▸ **REQUIREMENT**: Transcribe exactly the lines that fall between the one holding "doc.layers.add('0_2', color=7, linetype='Continuous')" and the one holding "doc.layers.add('注釈', color=2, linetype='Continuous')", inclusive, from the entries below.
Content starts
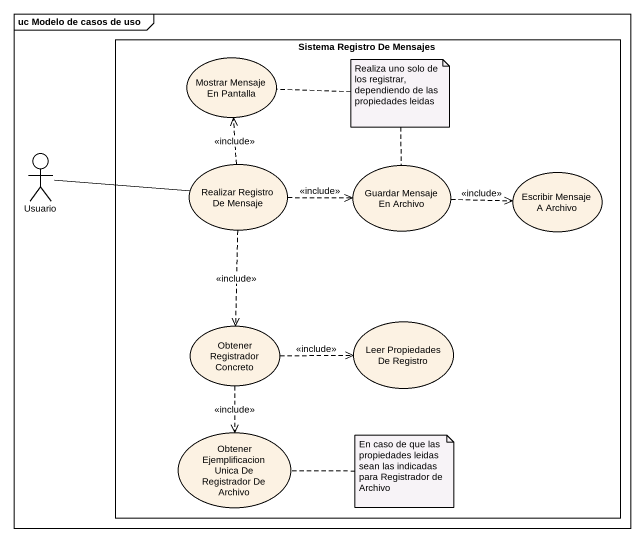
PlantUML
@startuml
mainframe uc Modelo de casos de uso
rectangle "Sistema Registro De Mensajes" as Sistema_Registro_De_Mensajes {
  usecase "Mostrar Mensaje En Pantalla" as Mostrar_Mensaje_En_Pantalla
  usecase "Realizar Registro De Mensaje" as Realizar_Registro_De_Mensaje
  usecase "Guardar Mensaje En Archivo" as Guardar_Mensaje_En_Archivo
  usecase "Escribir Mensaje A Archivo" as Escribir_Mensaje_A_Archivo
  usecase "Obtener Registrador Concreto" as Obtener_Registrador_Concreto
  usecase "Leer Propiedades De Registro" as Leer_Propiedades_De_Registro
  usecase "Obtener Ejemplificacion Unica De Registrador De Archivo" as Obtener_Ejemplificacion
}
actor Usuario
Usuario -right- Realizar_Registro_De_Mensaje
Realizar_Registro_De_Mensaje .up.> Mostrar_Mensaje_En_Pantalla : <<include>>
Realizar_Registro_De_Mensaje .right.> Guardar_Mensaje_En_Archivo : <<include>>
Realizar_Registro_De_Mensaje ..> Obtener_Registrador_Concreto : <<include>>
Guardar_Mensaje_En_Archivo .right.> Escribir_Mensaje_A_Archivo : <<include>>
Obtener_Registrador_Concreto .right.> Leer_Propiedades_De_Registro : <<include>>
Obtener_Registrador_Concreto ..> Obtener_Ejemplificacion : <<include>>
note as N1
  Realiza uno solo de los registrar, dependiendo de las propiedades leidas
end note
N1 .. Mostrar_Mensaje_En_Pantalla
N1 .. Guardar_Mensaje_En_Archivo
note right of Obtener_Ejemplificacion : En caso de que las propiedades leidas sean las indicadas para Registrador de Archivo
@enduml
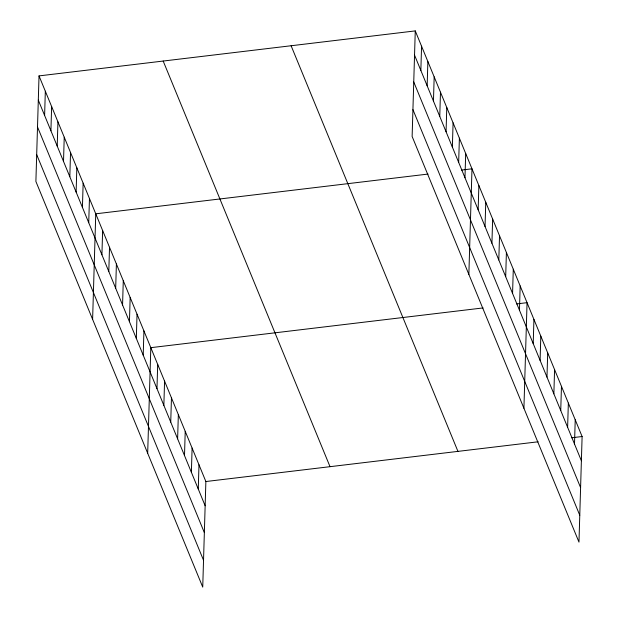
<?xml version="1.0" encoding="UTF-8"?>
<svg xmlns="http://www.w3.org/2000/svg" width="618" height="618" viewBox="0 0 618 618"><rect width="100%" height="100%" fill="white"/><g stroke="black" fill="none" stroke-linecap="round" stroke-linejoin="round"><path stroke-width="0.93" d="M39.027 75.898L35.89 181.468L202.735 587.1L205.871 481.53L39.027 75.898L415.265 30.9L582.11 436.532L578.973 542.102L412.129 136.47L415.265 30.9M44.612 115.45L45.33 91.225M50.915 130.777L51.634 106.543M57.211 146.095L57.938 121.87M63.515 161.422L64.233 137.196M69.819 176.748L70.537 152.515M76.122 192.067L76.841 167.841M82.426 207.393L83.144 183.167M88.729 222.719L89.448 198.486M92.615 319.382L95.751 213.813L428.058 174.067M101.916 254.77L102.634 230.545M108.799 271.503L109.517 247.277M115.682 288.235L116.4 264.01M122.565 304.968L123.283 280.742M129.44 321.7L130.166 297.474M136.323 338.432L137.041 314.207M143.206 355.165L143.924 330.939M147.679 453.241L150.807 347.671L483.114 307.926M156.972 388.629L157.69 364.404M163.855 405.362L164.573 381.136M170.738 422.094L171.456 397.868M177.621 438.826L178.339 414.601M184.504 455.559L185.222 431.333M191.387 472.291L192.105 448.065M198.27 489.023L198.988 464.798M420.85 70.452L421.569 46.226M427.154 85.778L427.872 61.545M433.457 101.097L434.176 76.871M439.761 116.423L440.48 92.198M446.065 131.75L446.783 107.517M452.361 147.069L453.087 122.843M458.664 162.395L459.383 138.169M464.968 177.721L465.686 153.488M468.861 274.384L471.99 168.814L461.484 170.074M478.154 209.772L478.873 185.547M485.037 226.505L485.756 202.279M491.92 243.237L492.639 219.011M498.803 259.969L499.522 235.744M505.686 276.702L506.405 252.476M512.569 293.434L513.288 269.209M519.452 310.166L520.171 285.941M523.917 408.243L527.054 302.673L516.548 303.925M533.21 343.631L533.929 319.406M540.093 360.364L540.812 336.138M546.976 377.096L547.695 352.87M553.859 393.828L554.578 369.603M560.742 410.561L561.461 386.335M567.625 427.293L568.344 403.067M574.508 444.025L575.227 419.8M205.871 481.53L538.178 441.785M571.604 437.783L582.11 436.532M414.547 55.126L581.391 460.758M413.751 81.97L580.596 487.602M412.932 109.625L579.769 515.257M291.109 45.747L457.946 451.379M163.183 61.051L330.027 466.683M38.308 100.124L205.145 505.756M37.513 126.968L204.349 532.6M36.686 154.624L203.531 560.256"/></g></svg>
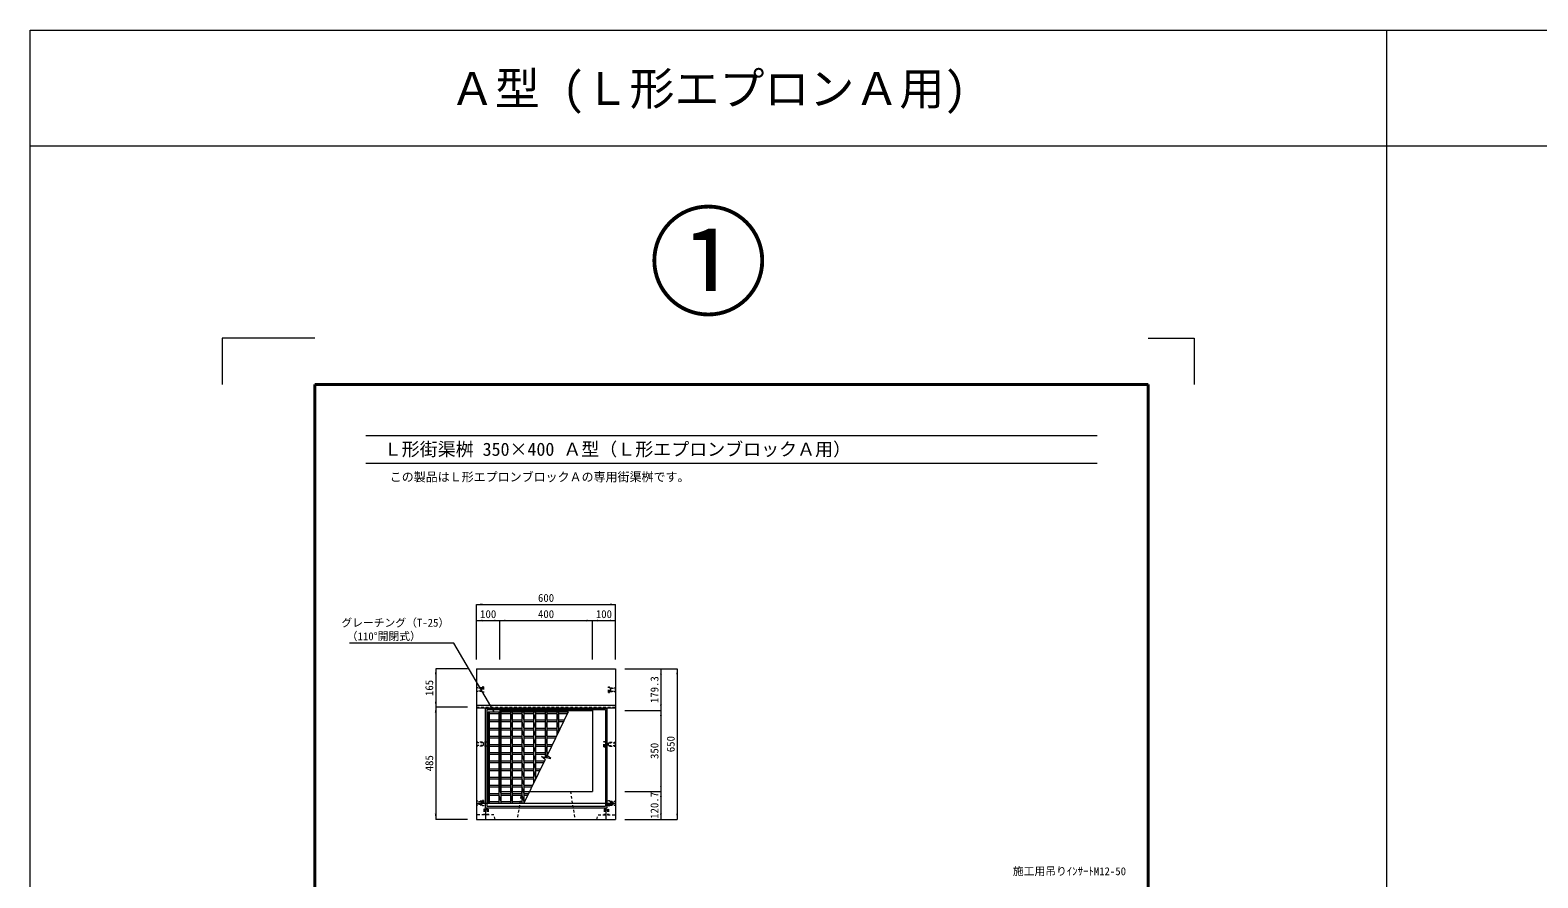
# Model space of a CAD drawing. Units: millimetres at full size. Extents: x 4177 to 21757, y -15978 to -7878.
# Drawn here: x 4177 to 10691, y -11540 to -7878 of the extents above; entities that cross this region are included whole.
import ezdxf
from ezdxf.enums import TextEntityAlignment as Align

# ---------------------------------------------------------------- set-up
doc = ezdxf.new("R2010")
doc.units = ezdxf.units.MM
doc.header["$LTSCALE"] = 15
doc.linetypes.add('USER1', pattern=[1.35, 0.75, -0.6])
doc.layers.add('0_2', color=7, linetype='Continuous')
doc.layers.add('注釈', color=2, linetype='Continuous')
for name, color, linetype, lineweight in [('Defpoints_7', 7, 'Continuous', 13), ('インサート', 3, 'USER1', 5), ('グレーチング', 7, 'Continuous', 5), ('中心線', 241, 'Continuous', 13), ('受枠', 3, 'USER1', 9), ('図枠', 7, 'Continuous', 5), ('境界ブロック', 3, 'USER1', 13), ('寸法線', 7, 'Continuous', 13), ('引出線', 4, 'Continuous', 13), ('枠', 1, 'Continuous', 9), ('補助線', 8, 'Continuous', 13), ('集水桝', 1, 'Continuous', 13)]:
    doc.layers.add(name, color=color, linetype=linetype, lineweight=lineweight)
doc.styles.add('ＭＳ ゴシック', font='')
doc.styles.get('ＭＳ ゴシック').set_extended_font_data('MS Gothic')

# ---------------------------------------------------------------- blocks, each defined once
blk = doc.blocks.new('filled_arrow')
at = {"color": 0, "linetype": 'Continuous', "lineweight": -2}
blk.add_solid([(7.5, 1.25), (0, 0), (7.5, -1.25)], dxfattribs=at)
blk = doc.blocks.new('open_arrow')
at = {"color": 0, "linetype": 'Continuous', "lineweight": -2}
blk.add_lwpolyline([(7.5, 1.25), (0, 0), (7.5, -1.25)], dxfattribs=at)

msp = doc.modelspace()

# ---------------------------------------------------------------- linework, layer by layer
at = {"layer": 'Defpoints_7'}
for p, q in [((5007.1, -9208.4), (5007.1, -9408.4)), ((5407.1, -9208.4), (5007.1, -9208.4)), ((9007.1, -9208.4), (9207.1, -9208.4)), ((9207.1, -9208.4), (9207.1, -9408.4))]:
    msp.add_line(p, q, dxfattribs=at)
at = {"layer": 'インサート'}
for p, q in [((6132.1, -10718.78), (6106.1, -10718.78)), ((6106.1, -10718.78), (6106.1, -10735.28)), ((6126.1, -10721.03), (6106.1, -10721.03)), ((6126.1, -10733.03), (6106.1, -10733.03)), ((6132.1, -10735.28), (6106.1, -10735.28)), ((6126.1, -10721.03), (6126.1, -10733.03)), ((6136.1, -10715.03), (6132.1, -10715.03)), ((6132.1, -10715.03), (6132.1, -10739.03)), ((6136.1, -10739.03), (6132.1, -10739.03)), ((6136.1, -10715.03), (6136.1, -10739.03)), ((6676.1, -10715.03), (6680.1, -10715.03)), ((6676.1, -10739.03), (6676.1, -10715.03)), ((6676.1, -10739.03), (6680.1, -10739.03)), ((6680.1, -10739.03), (6680.1, -10715.03)), ((6680.1, -10718.78), (6706.1, -10718.78)), ((6680.1, -10735.28), (6706.1, -10735.28)), ((6686.1, -10721.03), (6706.1, -10721.03)), ((6686.1, -10733.03), (6686.1, -10721.03)), ((6686.1, -10733.03), (6706.1, -10733.03)), ((6706.1, -10735.28), (6706.1, -10718.78)), ((6152.1, -10953.78), (6106.1, -10953.78)), ((6106.1, -10953.78), (6106.1, -10970.28)), ((6136.1, -10956.03), (6106.1, -10956.03)), ((6136.1, -10968.03), (6106.1, -10968.03)), ((6152.1, -10970.28), (6106.1, -10970.28)), ((6136.1, -10956.03), (6136.1, -10968.03)), ((6156.1, -10950.03), (6152.1, -10950.03)), ((6152.1, -10950.03), (6152.1, -10974.03)), ((6156.1, -10974.03), (6152.1, -10974.03)), ((6156.1, -10950.03), (6156.1, -10974.03)), ((6656.1, -10950.03), (6660.1, -10950.03)), ((6656.1, -10974.03), (6656.1, -10950.03)), ((6656.1, -10974.03), (6660.1, -10974.03)), ((6660.1, -10974.03), (6660.1, -10950.03)), ((6660.1, -10953.78), (6706.1, -10953.78)), ((6660.1, -10970.28), (6706.1, -10970.28)), ((6676.1, -10956.03), (6706.1, -10956.03)), ((6676.1, -10968.03), (6676.1, -10956.03)), ((6676.1, -10968.03), (6706.1, -10968.03)), ((6706.1, -10970.28), (6706.1, -10953.78)), ((6132.1, -11208.78), (6106.1, -11208.78)), ((6106.1, -11208.78), (6106.1, -11225.28)), ((6126.1, -11211.03), (6106.1, -11211.03)), ((6126.1, -11223.03), (6106.1, -11223.03)), ((6132.1, -11225.28), (6106.1, -11225.28)), ((6126.1, -11211.03), (6126.1, -11223.03)), ((6136.1, -11205.03), (6132.1, -11205.03)), ((6132.1, -11205.03), (6132.1, -11229.03)), ((6136.1, -11229.03), (6132.1, -11229.03)), ((6136.1, -11205.03), (6136.1, -11229.03)), ((6136.6, -11243.03), (6136.6, -11268.03)), ((6155.6, -11243.03), (6136.6, -11243.03)), ((6155.6, -11268.03), (6136.6, -11268.03)), ((6140.1, -11243.03), (6140.1, -11268.03)), ((6152.1, -11243.03), (6152.1, -11268.03)), ((6155.6, -11243.03), (6155.6, -11268.03)), ((6656.6, -11243.03), (6656.6, -11268.03)), ((6656.6, -11243.03), (6675.6, -11243.03)), ((6656.6, -11268.03), (6675.6, -11268.03)), ((6660.1, -11243.03), (6660.1, -11268.03)), ((6672.1, -11243.03), (6672.1, -11268.03)), ((6675.6, -11243.03), (6675.6, -11268.03)), ((6676.1, -11205.03), (6680.1, -11205.03)), ((6676.1, -11229.03), (6676.1, -11205.03)), ((6676.1, -11229.03), (6680.1, -11229.03)), ((6680.1, -11229.03), (6680.1, -11205.03)), ((6680.1, -11208.78), (6706.1, -11208.78)), ((6680.1, -11225.28), (6706.1, -11225.28)), ((6686.1, -11211.03), (6706.1, -11211.03)), ((6686.1, -11223.03), (6686.1, -11211.03)), ((6686.1, -11223.03), (6706.1, -11223.03)), ((6706.1, -11225.28), (6706.1, -11208.78))]:
    msp.add_line(p, q, dxfattribs=at)
at = {"layer": 'インサート', "color": 4}
for p, q in [((6137.6, -11242.53), (6137.6, -11243.03)), ((6141.25, -11242.53), (6137.6, -11242.53)), ((6140.75, -11243.03), (6137.6, -11243.03)), ((6140.75, -11243.03), (6140.75, -11246.03)), ((6151.45, -11246.03), (6140.75, -11246.03)), ((6141.25, -11242.53), (6141.25, -11245.53)), ((6150.95, -11245.53), (6141.25, -11245.53)), ((6150.95, -11242.53), (6150.95, -11245.53)), ((6154.6, -11242.53), (6150.95, -11242.53)), ((6151.45, -11243.03), (6151.45, -11246.03)), ((6154.6, -11243.03), (6151.45, -11243.03)), ((6154.6, -11242.53), (6154.6, -11243.03)), ((6657.6, -11242.53), (6657.6, -11243.03)), ((6657.6, -11242.53), (6661.25, -11242.53)), ((6657.6, -11243.03), (6660.75, -11243.03)), ((6660.75, -11243.03), (6660.75, -11246.03)), ((6660.75, -11246.03), (6671.45, -11246.03)), ((6661.25, -11242.53), (6661.25, -11245.53)), ((6661.25, -11245.53), (6670.95, -11245.53)), ((6670.95, -11242.53), (6670.95, -11245.53)), ((6670.95, -11242.53), (6674.6, -11242.53)), ((6671.45, -11243.03), (6671.45, -11246.03)), ((6671.45, -11243.03), (6674.6, -11243.03)), ((6674.6, -11242.53), (6674.6, -11243.03))]:
    msp.add_line(p, q, dxfattribs=at)
at = {"layer": 'グレーチング'}
for p, q in [((6156.1, -10822.58), (6156.1, -11217.58)), ((6156.1, -10822.58), (6502.1, -10822.58)), ((6160.6, -10822.58), (6160.6, -11217.58)), ((6160.6, -10829.58), (6202.1, -10829.58)), ((6160.6, -10857.85), (6202.1, -10857.85)), ((6160.6, -10864.85), (6202.1, -10864.85)), ((6202.1, -10822.58), (6202.1, -11217.58)), ((6202.1, -10829.58), (6210.1, -10857.85)), ((6202.1, -10864.85), (6210.1, -10893.12)), ((6210.1, -10822.58), (6210.1, -11217.58)), ((6210.1, -10829.58), (6252.1, -10829.58)), ((6210.1, -10857.85), (6252.1, -10857.85)), ((6210.1, -10864.85), (6252.1, -10864.85)), ((6252.1, -10822.58), (6252.1, -11217.58)), ((6252.1, -10829.58), (6260.1, -10857.85)), ((6252.1, -10864.85), (6260.1, -10893.12)), ((6260.1, -10822.58), (6260.1, -11217.58)), ((6260.1, -10829.58), (6302.1, -10829.58)), ((6260.1, -10857.85), (6302.1, -10857.85)), ((6260.1, -10864.85), (6302.1, -10864.85)), ((6302.1, -10822.58), (6302.1, -11217.58)), ((6302.1, -10829.58), (6310.1, -10857.85)), ((6302.1, -10864.85), (6310.1, -10893.12)), ((6310.1, -10822.58), (6310.1, -11217.58)), ((6310.1, -10829.58), (6352.1, -10829.58)), ((6310.1, -10857.85), (6352.1, -10857.85)), ((6310.1, -10864.85), (6352.1, -10864.85)), ((6352.1, -10822.58), (6352.1, -11131.17)), ((6352.1, -10829.58), (6360.1, -10857.85)), ((6352.1, -10864.85), (6360.1, -10893.12)), ((6360.1, -10822.58), (6360.1, -11114.71)), ((6360.1, -10829.58), (6402.1, -10829.58)), ((6360.1, -10857.85), (6402.1, -10857.85)), ((6360.1, -10864.85), (6402.1, -10864.85)), ((6402.1, -10822.58), (6402.1, -11019.24)), ((6402.1, -10829.58), (6410.1, -10857.85)), ((6402.1, -10864.85), (6410.1, -10893.12)), ((6410.1, -10822.58), (6410.1, -11020.92)), ((6410.1, -10829.58), (6452.1, -10829.58)), ((6410.1, -10857.85), (6452.1, -10857.85)), ((6410.1, -10864.85), (6452.1, -10864.85)), ((6502.1, -10822.58), (6410.47, -11011.08)), ((6452.1, -10822.58), (6452.1, -10925.44)), ((6452.1, -10829.58), (6460.1, -10857.85)), ((6452.1, -10864.85), (6460.1, -10893.12)), ((6460.1, -10822.58), (6460.1, -10908.98)), ((6460.1, -10829.58), (6498.7, -10829.58)), ((6460.1, -10857.85), (6484.95, -10857.85)), ((6460.1, -10864.85), (6481.55, -10864.85)), ((6160.6, -10893.12), (6202.1, -10893.12)), ((6160.6, -10900.12), (6202.1, -10900.12)), ((6160.6, -10928.4), (6202.1, -10928.4)), ((6160.6, -10935.4), (6202.1, -10935.4)), ((6202.1, -10900.12), (6210.1, -10928.4)), ((6202.1, -10935.4), (6210.1, -10963.67)), ((6210.1, -10893.12), (6252.1, -10893.12)), ((6210.1, -10900.12), (6252.1, -10900.12)), ((6210.1, -10928.4), (6252.1, -10928.4)), ((6210.1, -10935.4), (6252.1, -10935.4)), ((6252.1, -10900.12), (6260.1, -10928.4)), ((6252.1, -10935.4), (6260.1, -10963.67)), ((6260.1, -10893.12), (6302.1, -10893.12)), ((6260.1, -10900.12), (6302.1, -10900.12)), ((6260.1, -10928.4), (6302.1, -10928.4)), ((6260.1, -10935.4), (6302.1, -10935.4)), ((6302.1, -10900.12), (6310.1, -10928.4)), ((6302.1, -10935.4), (6310.1, -10963.67)), ((6310.1, -10893.12), (6352.1, -10893.12)), ((6310.1, -10900.12), (6352.1, -10900.12)), ((6310.1, -10928.4), (6352.1, -10928.4)), ((6310.1, -10935.4), (6352.1, -10935.4)), ((6352.1, -10900.12), (6360.1, -10928.4)), ((6352.1, -10935.4), (6360.1, -10963.67)), ((6360.1, -10893.12), (6402.1, -10893.12)), ((6360.1, -10900.12), (6402.1, -10900.12)), ((6360.1, -10928.4), (6402.1, -10928.4)), ((6360.1, -10935.4), (6402.1, -10935.4)), ((6402.1, -10900.12), (6410.1, -10928.4)), ((6402.1, -10935.4), (6410.1, -10963.67)), ((6410.1, -10893.12), (6452.1, -10893.12)), ((6410.1, -10900.12), (6452.1, -10900.12)), ((6410.1, -10928.4), (6450.66, -10928.4)), ((6410.1, -10935.4), (6447.26, -10935.4)), ((6452.1, -10900.12), (6456.63, -10916.13)), ((6460.1, -10893.12), (6467.81, -10893.12)), ((6460.1, -10900.12), (6464.41, -10900.12)), ((6160.6, -10963.67), (6202.1, -10963.67)), ((6160.6, -10970.67), (6202.1, -10970.67)), ((6160.6, -10998.94), (6202.1, -10998.94)), ((6160.6, -11005.94), (6202.1, -11005.94)), ((6202.1, -10970.67), (6210.1, -10998.94)), ((6202.1, -11005.94), (6210.1, -11034.21)), ((6210.1, -10963.67), (6252.1, -10963.67)), ((6210.1, -10970.67), (6252.1, -10970.67)), ((6210.1, -10998.94), (6252.1, -10998.94)), ((6210.1, -11005.94), (6252.1, -11005.94)), ((6252.1, -10970.67), (6260.1, -10998.94)), ((6252.1, -11005.94), (6260.1, -11034.21)), ((6260.1, -10963.67), (6302.1, -10963.67)), ((6260.1, -10970.67), (6302.1, -10970.67)), ((6260.1, -10998.94), (6302.1, -10998.94)), ((6260.1, -11005.94), (6302.1, -11005.94)), ((6302.1, -10970.67), (6310.1, -10998.94)), ((6302.1, -11005.94), (6310.1, -11034.21)), ((6310.1, -10963.67), (6352.1, -10963.67)), ((6310.1, -10970.67), (6352.1, -10970.67)), ((6310.1, -10998.94), (6352.1, -10998.94)), ((6310.1, -11005.94), (6352.1, -11005.94)), ((6352.1, -10970.67), (6360.1, -10998.94)), ((6352.1, -11005.94), (6360.1, -11034.21)), ((6360.1, -10963.67), (6402.1, -10963.67)), ((6360.1, -10970.67), (6402.1, -10970.67)), ((6360.1, -10998.94), (6402.1, -10998.94)), ((6360.1, -11005.94), (6402.1, -11005.94)), ((6402.1, -10970.67), (6410.1, -10998.94)), ((6402.1, -11005.94), (6406.1, -11020.08)), ((6410.1, -10963.67), (6433.52, -10963.67)), ((6410.1, -10970.67), (6430.12, -10970.67)), ((6410.1, -10998.94), (6416.37, -10998.94)), ((6410.1, -11005.94), (6412.97, -11005.94)), ((6160.6, -11034.21), (6202.1, -11034.21)), ((6160.6, -11041.21), (6202.1, -11041.21)), ((6160.6, -11069.49), (6202.1, -11069.49)), ((6202.1, -11041.21), (6210.1, -11069.49)), ((6210.1, -11034.21), (6252.1, -11034.21)), ((6210.1, -11041.21), (6252.1, -11041.21)), ((6210.1, -11069.49), (6252.1, -11069.49)), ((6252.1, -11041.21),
Content ends
▸ **TASK OUTPUT**:
doc.layers.add('0_2', color=7, linetype='Continuous')
doc.layers.add('注釈', color=2, linetype='Continuous')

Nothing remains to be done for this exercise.